Lo Monaco House by Tom Wiscombe Design (Image: Tom Wiscombe Design)

Lo Monaco House by Tom Wiscombe Design (Image: Tom Wiscombe Design)

Image Gallery (9 images)

The architectural designs of Tom Wiscombe are overtly futuristic, to the point that were you to drop his concepts into the depictions of the London and San Francisco of the year 2259 in Star Trek Into Darkness, they wouldn't look out of place. His Lo Monaco House almost resembles a futuristic shuttle on a launchpad, yet the influences for this design are entirely removed from the realm of space fantasy – according to Wiscombe himself, that is.

The Lo Monaco House concept is a tale of two forms: an eye-catching crystal-like pointed mass (a deformed six-pointed star, from above) and the slab-like pedestal it stands on. The crystal contains the living room, kitchen and dining area. Bedrooms and private studios are reserved for the pedestal level below, where there is also a pool.

Wiscombe writes that this layout was informed by work of Romanian-born sculptor Constantin Brâncuși, who carved simplified depictions of human heads and animals, typically reduced to more basic shapes.

Constantin Brâncuși's Portrait of Mlle Pogany with its limestone pedestal

Constantin Brâncuși's Portrait of Mlle Pogany with its limestone pedestal

Often Brâncuși's sculptures were presented on a pedestal that formed an integral part of the work itself (to which it is sometimes viewed as being equally important).

The layout of Lo Monaco House (Image: Tom Wiscombe Design)

The layout of Lo Monaco House (Image: Tom Wiscombe Design)

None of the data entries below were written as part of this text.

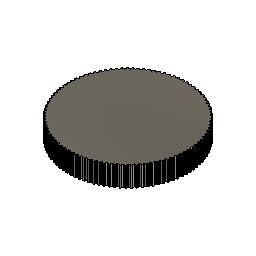
gear_95z (Autodesk Fusion 360 design; units mm, degrees)
Autodesk Fusion 360 part; units mm, degrees
sketch "Sketch1" plane through (0, 0, 0) normal (0, 0, 1) x (1, 0, 0) in component "gt2 pulley"
  circle A0 centre (0, 0) radius 30.2394 construction
  circle A1 centre (0, 0) radius 29.2354 construction
  line L0 (0, 0) -> (0, 30.2394) construction
  line L1 (0, 0) -> (0.9998, 30.2229) construction
  line L2 (0, 0) -> (1.4042, 30.2068) construction
  circle A2 centre (0, 0) radius 29.9854 construction
  arc A3 (0.3977, 29.8499) -> (0.4768, 29.551) centre (1.3924, 29.9531) ccw
  circle A4 centre (0, 0) radius 29.8354 construction
  arc A5 (0.2497, 29.9844) -> (0, 29.9854) centre (0, 0) ccw
  arc A6 (0.3977, 29.8499) -> (0.2497, 29.9844) centre (0.2486, 29.8344) ccw
  arc A7 (0.4768, 29.551) -> (0.9666, 29.2195) centre (0.985, 29.7742) ccw
  arc A8 (0, 29.9854) -> (-0.2497, 29.9844) centre (0, 0) ccw
  arc A9 (-0.2497, 29.9844) -> (-0.3977, 29.8499) centre (-0.2486, 29.8344) ccw
  arc A10 (-0.4768, 29.551) -> (-0.3977, 29.8499) centre (-1.3924, 29.9531) ccw
  arc A11 (-0.9669, 29.2194) -> (-0.4768, 29.551) centre (-0.985, 29.7742) ccw
  arc A12 (0.9666, 29.2195) -> (-0.9666, 29.2195) centre (0, 0) ccw
  point P0 (1.3924, 29.9531)
  point P1 (0, 29.9854)
  dimension "d18" = 60.4789
  dimension "d19" = 1.895
  dimension "d22" = 1.004
  dimension "d24" = 0.75
  dimension "d26" = 1
  dimension "d27" = 0.15
  dimension "d28" = 0.15
  dimension "d47" = 0.555
  dimension "d52" = 3.812
  constraint coincident A0.centre A1.centre
  constraint coincident A0 L0.end
  constraint vertical L0
  constraint coincident A0 L1.end
  constraint coincident A0 L2.end
  constraint concentric A1 A2
  constraint coincident A1 A7.end
  constraint coincident L1 A7.end
  constraint coincident A2 P0
  constraint coincident L2 P0
  constraint coincident P0 A3.centre
  constraint coincident A2 P1
  constraint coincident L0 P1
  constraint concentric A2 A4
  constraint coincident P1 A5.end
  constraint coincident A4 A6.centre
  constraint coincident A3.start A6.start
  constraint tangent A3 A6
  constraint tangent A3 A7
  constraint symmetric L0 A7.end A12.end
  constraint symmetric L0 A3.start A9.end
  constraint symmetric L0 A3.end A10.start
  constraint symmetric L0 A3 A10
  constraint symmetric L0 A5.start A8.end
  constraint symmetric L0 P1 A5.end
  constraint symmetric L0 A5 A8
  constraint symmetric L0 A6 A9
  constraint symmetric L0 A7 A11
  constraint coincident A1 A11.start
  constraint tangent A1 A7
  constraint coincident L1 A7.centre
  measures "d18" diameter of A0
  measures "d19" angle of L0 L1
  measures "d22" distance of A0 A1
  measures "d24" distance of A1 A2
  measures "d26" radius of A3
  measures "d27" distance of A2 A4
  measures "d28" radius of A6
  measures "d47" radius of A7
extrude "Extrude1" add sketch "Sketch1" along normal blind 10 makes body 1
pattern_circular "C-Pattern1" count 95 over 360 about axis through (0, 0, 1.75) along (0, 0, 1) of bodies 1 makes body 2 at (-2.0395, 29.1642, 6.6667) makes body 3 at (-3.1094, 29.0696, 6.6667) makes body 4 at (-6.4983, 28.5041, 6.6667) makes body 5 at (-7.5409, 28.2462, 6.6667) makes body 6 at (-8.7785, 27.8864, 3.3333) makes body 7 at (-11.9894, 26.6639, 6.6667) makes body 8 at (-12.3798, 26.4849, 3.3333) makes body 9 at (-14.6643, 25.2917, 6.6667) makes body 10 at (-16.4817, 24.1467, 6.6667) makes body 11 at (-18.5444, 22.6013, 6.6667) makes body 12 at (-19.9976, 21.3262, 6.6667) makes body 13 at (-20.3087, 21.0302, 3.3333) makes body 14 at (-22.2222, 18.997, 6.6667) makes body 15 at (-22.905, 18.1679, 6.6667) makes body 16 at (-24.0556, 16.6144, 3.3333) makes body 17 at (-25.8387, 13.6775, 6.6667) makes body 18 at (-26.4164, 12.5254, 6.6667) makes body 19 at (-27.4169, 10.1501, 6.6667) makes body 20 at (-27.9659, 8.5217, 6.6667) makes body 21 at (-28.1469, 7.9033, 3.3333) makes body 22 at (-28.6077, 6.0258, 3.3333) makes body 23 at (-29.1171, 2.628, 6.6667) makes body 24 at (-29.2271, 0.6979, 6.6667) makes body 25 at (-29.2342, 0.2685, 6.6667) makes body 26 at (-29.1265, -2.5214, 6.6667) makes body 27 at (-29.0142, -3.5896, 3.3333) makes body 28 at (-28.7136, -5.4993, 3.3333) makes body 29 at (-27.8701, -8.8299, 6.6667) makes body 30 at (-27.7374, -9.2384, 3.3333) makes body 31 at (-26.7296, -11.8422, 6.6667) makes body 32 at (-26.2766, -12.816, 3.3333) makes body 33 at (-25.3722, -14.5246, 3.3333) makes body 34 at (-23.8709, -16.8787, 6.6667) makes body 35 at (-22.2916, -18.9155, 6.6667) makes body 36 at (-22.0113, -19.2409, 3.3333) makes body 37 at (-20.6915, -20.6536, 3.3333) makes body 38 at (-18.627, -22.5332, 6.6667) makes body 39 at (-16.57, -24.0862, 6.6667) makes body 40 at (-15.4923, -24.7931, 6.6667) makes body 41 at (-14.5712, -25.3455, 3.3333) makes body 42 at (-12.0869, -26.6199, 6.6667) makes body 43 at (-9.8979, -27.509, 3.3333) makes body 44 at (-8.4704, -27.9815, 6.6667) makes body 45 at (-7.4369, -28.2737, 3.3333) makes body 46 at (-4.7058, -28.8542, 6.6667) makes body 47 at (-2.7886, -29.1021, 6.6667) makes body 48 at (-0.8591, -29.2228, 6.6667) makes body 49 at (0.2149, -29.2346, 3.3333) makes body 50 at (2.1465, -29.1565, 3.3333) makes body 51 at (4.0688, -28.9509, 3.3333) makes body 52 at (5.9733, -28.6187, 3.3333) makes body 53 at (9.2895, -27.7203, 6.6667) makes body 54 at (11.1013, -27.0458, 6.6667) makes body 55 at (12.8645, -26.2529, 6.6667) makes body 56 at (14.0091, -25.6604, 6.6667) makes body 57 at (14.9421, -25.1285, 3.3333) makes body 58 at (16.5702, -24.0861, 3.3333) makes body 59 at (19.2815, -21.9758, 6.6667) makes body 60 at (20.6917, -20.6534, 6.6667) makes body 61 at (22.0115, -19.2407, 6.6667) makes body 62 at (23.235, -17.7439, 6.6667) makes body 63 at (23.4931, -17.4007, 3.3333) makes body 64 at (24.5918, -15.81, 3.3333) makes body 65 at (26.2768, -12.8157, 6.6667) makes body 66 at (27.0663, -11.0511, 6.6667) makes body 67 at (27.2257, -10.6523, 3.3333) makes body 68 at (27.8702, -8.8296, 3.3333) makes body 69 at (28.3928, -6.9684, 3.3333) makes body 70 at (28.7913, -5.0766, 3.3333) makes body 71 at (29.0639, -3.1627, 3.3333) makes body 72 at (29.233, -0.3758, 6.6667) makes body 73 at (29.2271, 0.6982, 3.3333) makes body 74 at (29.0272, 3.4831, 6.6667) makes body 75 at (28.6076, 6.0261, 6.6667) makes body 76 at (28.516, 6.4457, 3.3333) makes body 77 at (28.0277, 8.3162, 3.3333) makes body 78 at (27.4168, 10.1504, 3.3333) makes body 79 at (26.686, 11.9402, 3.3333) makes body 80 at (25.1009, 14.9885, 6.6667) makes body 81 at (24.4159, 16.0802, 6.6667) makes body 82 at (23.8088, 16.9662, 6.6667) makes body 83 at (22.6354, 18.5026, 3.3333) makes body 84 at (20.3085, 21.0304, 6.6667) makes body 85 at (19.3618, 21.9051, 6.6667) makes body 86 at (18.5441, 22.6014, 3.3333) makes body 87 at (17.0099, 23.7776, 3.3333) makes body 88 at (14.1029, 25.609, 6.6667) makes body 89 at (12.9605, 26.2057, 6.6667) makes body 90 at (10.6021, 27.2453, 6.6667) makes body 91 at (8.7782, 27.8864, 6.6667) makes body 92 at (6.916, 28.4056, 6.6667) makes body 93 at (5.6573, 28.6829, 6.6667) makes body 94 at (4.5999, 28.8713, 3.3333) makes body 95 at (1.8248, 29.1784, 6.6667)
sketch "Sketch2" plane through (0, 0, 10) normal (0, 0, 1) x (-1, 0, 0)
  arc A0 (-13.6871, -26.5299) -> (-13.6147, -26.7164) centre (-13.5467, -26.5827) ccw
  arc A1 (-13.6147, -26.7164) -> (-13.1679, -26.9395) centre (0, 0) ccw
  arc A2 (-13.1679, -26.9395) -> (-12.9753, -26.8852) centre (-13.1019, -26.8047) ccw
  arc A3 (-12.7711, -26.6531) -> (-12.9753, -26.8852) centre (-12.1315, -27.4218) ccw
  arc A4 (-12.1848, -26.5752) -> (-12.7711, -26.6531) centre (-12.4161, -27.0797) ccw
  arc A5 (-13.9145, -25.7118) -> (-12.1848, -26.5752) centre (0, 0) ccw
  arc A6 (-13.6244, -26.2272) -> (-13.9145, -25.7118) centre (-14.1787, -26.1999) ccw
  arc A7 (-13.6871, -26.5299) -> (-13.6244, -26.2272) centre (-14.6231, -26.178) ccw
  circle A8 centre (0, 0) radius 29.2354
  constraint coincident A1.centre A5.centre
extrude "Extrude2" add sketch "Sketch2" against normal blind 10 contours A5 A8 bodies 1 2 3 4 5 6 7 8 9 10 11 12 13 14 15 16 17 18 19 20 21 22 23 24 25 26 27 28 29 30 31 32 33 34 35 36 37 38 39 40 41 42 43 44 45 46 47 48 49 50 51 52 53 54 55 56 57 58 59 60 61 62 63 64 65 66 67 68 69 70 71 72 73 74 75 76 77 78 79 80 81 82 83 84 85 86 87 88 89 90 91 92 93 94 95
extrude "Extrude4" [suppressed] in component "gt2 pulley"
pattern_circular "C-Pattern7" [suppressed] in component "gt2 pulley"
extrude "Extrude3" [suppressed] in component "gt2 pulley"
pattern_circular "C-Pattern6" [suppressed] in component "gt2 pulley"
extrude "Extrude2'" [suppressed] in component "gt2 pulley"
pattern_circular "C-Pattern5" [suppressed] in component "gt2 pulley"
extrude "Extrude1'" [suppressed] in component "gt2 pulley"
pattern_circular "C-Pattern4" [suppressed] in component "gt2 pulley"
pattern_circular "C-Pattern3" [suppressed] in component "gt2 pulley"
pattern_circular "C-Pattern2" [suppressed] in component "gt2 pulley"
pattern_circular "C-Pattern1'" [suppressed] in component "gt2 pulley"
copy_body "Body->Comp1" [suppressed] in component "Component"
copy_body "Body->Comp2" [suppressed] in component "Component'"
copy_body "Body->Comp3" [suppressed] in component "Component''"
copy_body "Body->Comp4" [suppressed] in component "Component'''"
copy_body "Body->Comp5" [suppressed] in component "Component''''"
copy_body "Body->Comp6" [suppressed] in component "Component'''''"
copy_body "Body->Comp7" [suppressed] in component "Component''''''"
copy_body "Body->Comp8" [suppressed] in component "Component'''''''"
copy_body "Body->Comp9" [suppressed] in component "Component''''''''"
copy_body "Body->Comp10" [suppressed] in component "Component'''''''''"
copy_body "Body->Comp11" [suppressed] in component "Component''''''''''"
copy_body "Body->Comp12" [suppressed] in component "Component'''''''''''"
copy_body "Body->Comp13" [suppressed] in component "Component''''''''''''"
copy_body "Body->Comp14" [suppressed] in component "Component'''''''''''''"
copy_body "Body->Comp15" [suppressed] in component "Component''''''''''''''"
copy_body "Body->Comp16" [suppressed] in component "Component'''''''''''''''"
copy_body "Body->Comp17" [suppressed] in component "Component''''''''''''''''"
copy_body "Body->Comp18" [suppressed] in component "Component'''''''''''''''''"
copy_body "Body->Comp19" [suppressed] in component "Component''''''''''''''''''"
copy_body "Body->Comp20" [suppressed] in component "Component'''''''''''''''''''"
component "gt2 pulley" placed x (1, 0, 0) y (0, 1, 0) z (0, 0, 1) at (0, 0, 0)
equation "NumTeeth = 95" comment "min 20"
equation "ToothPitch = 2 mm"
equation "PullyDia = NumTeeth * ToothPitch / PI"
equation "ToothAng = ( ( 360 / NumTeeth ) * 1 deg )"
equation "TransOffsetAngle = ToothAng * 0.2"
equation "Sholulder_Radius = 0.15 mm"
equation "Root_Radius = 0.555 mm"
equation "TransRadius = 1 mm"
equation "ToolHeight = 0.75 mm"
equation "PLD = 0.254 mm"
equation "d18 = PullyDia"
equation "d19 = ToothAng / 2"
equation "d22 = PLD + ToolHeight"
equation "d24 = ToolHeight"
equation "d26 = TransRadius"
equation "d27 = Sholulder_Radius"
equation "d31 = NumTeeth"
equation "d33 = NumTeeth"
equation "d35 = NumTeeth"
equation "d37 = NumTeeth"
equation "d41 = NumTeeth"
equation "d45 = NumTeeth"
equation "d47 = Root_Radius"
equation "d50 = NumTeeth"

In the crystal, two large irregular windows face north and south, both surrounded by smaller windows, and outlined by solid and dashed black lines in the building's many angled (and many-angled) facades. Wiscombe compares these lines to Tā moko, the tattoo-like grooves with which Māori people permanently mark their faces and bodies.

An 18th-century depiction of a Māori man with distinctive Tā moko (Image: Alexander Turnbu...

An 18th-century depiction of a Māori man with distinctive Tā moko (Image: Alexander Turnbull Library)

Pointed forms tend not to make for the most efficient use of space, but a glimpse through the windows shows that the rooms within are large enough for wasted corners not to be an issue. If space for such a project would be difficult to find in the crowded cities of the early 21st century, it's hard to envisage a contemporary city (including Monaco) in which Lo Monaco House wouldn't look out of place regardless. Perhaps at some point in the next few centuries, Wiscombesque forms will find a physical home.

The influences of creative works are interesting, but it would be remiss not to relay the final line of Wiscombe's bio. "Tom began his career as an intern at NASA's Goddard Spaceflight Center, where his father is Chief Scientist." Just sayin' – and I hadn't read that when I wrote the words futuristic shuttle and launchpad.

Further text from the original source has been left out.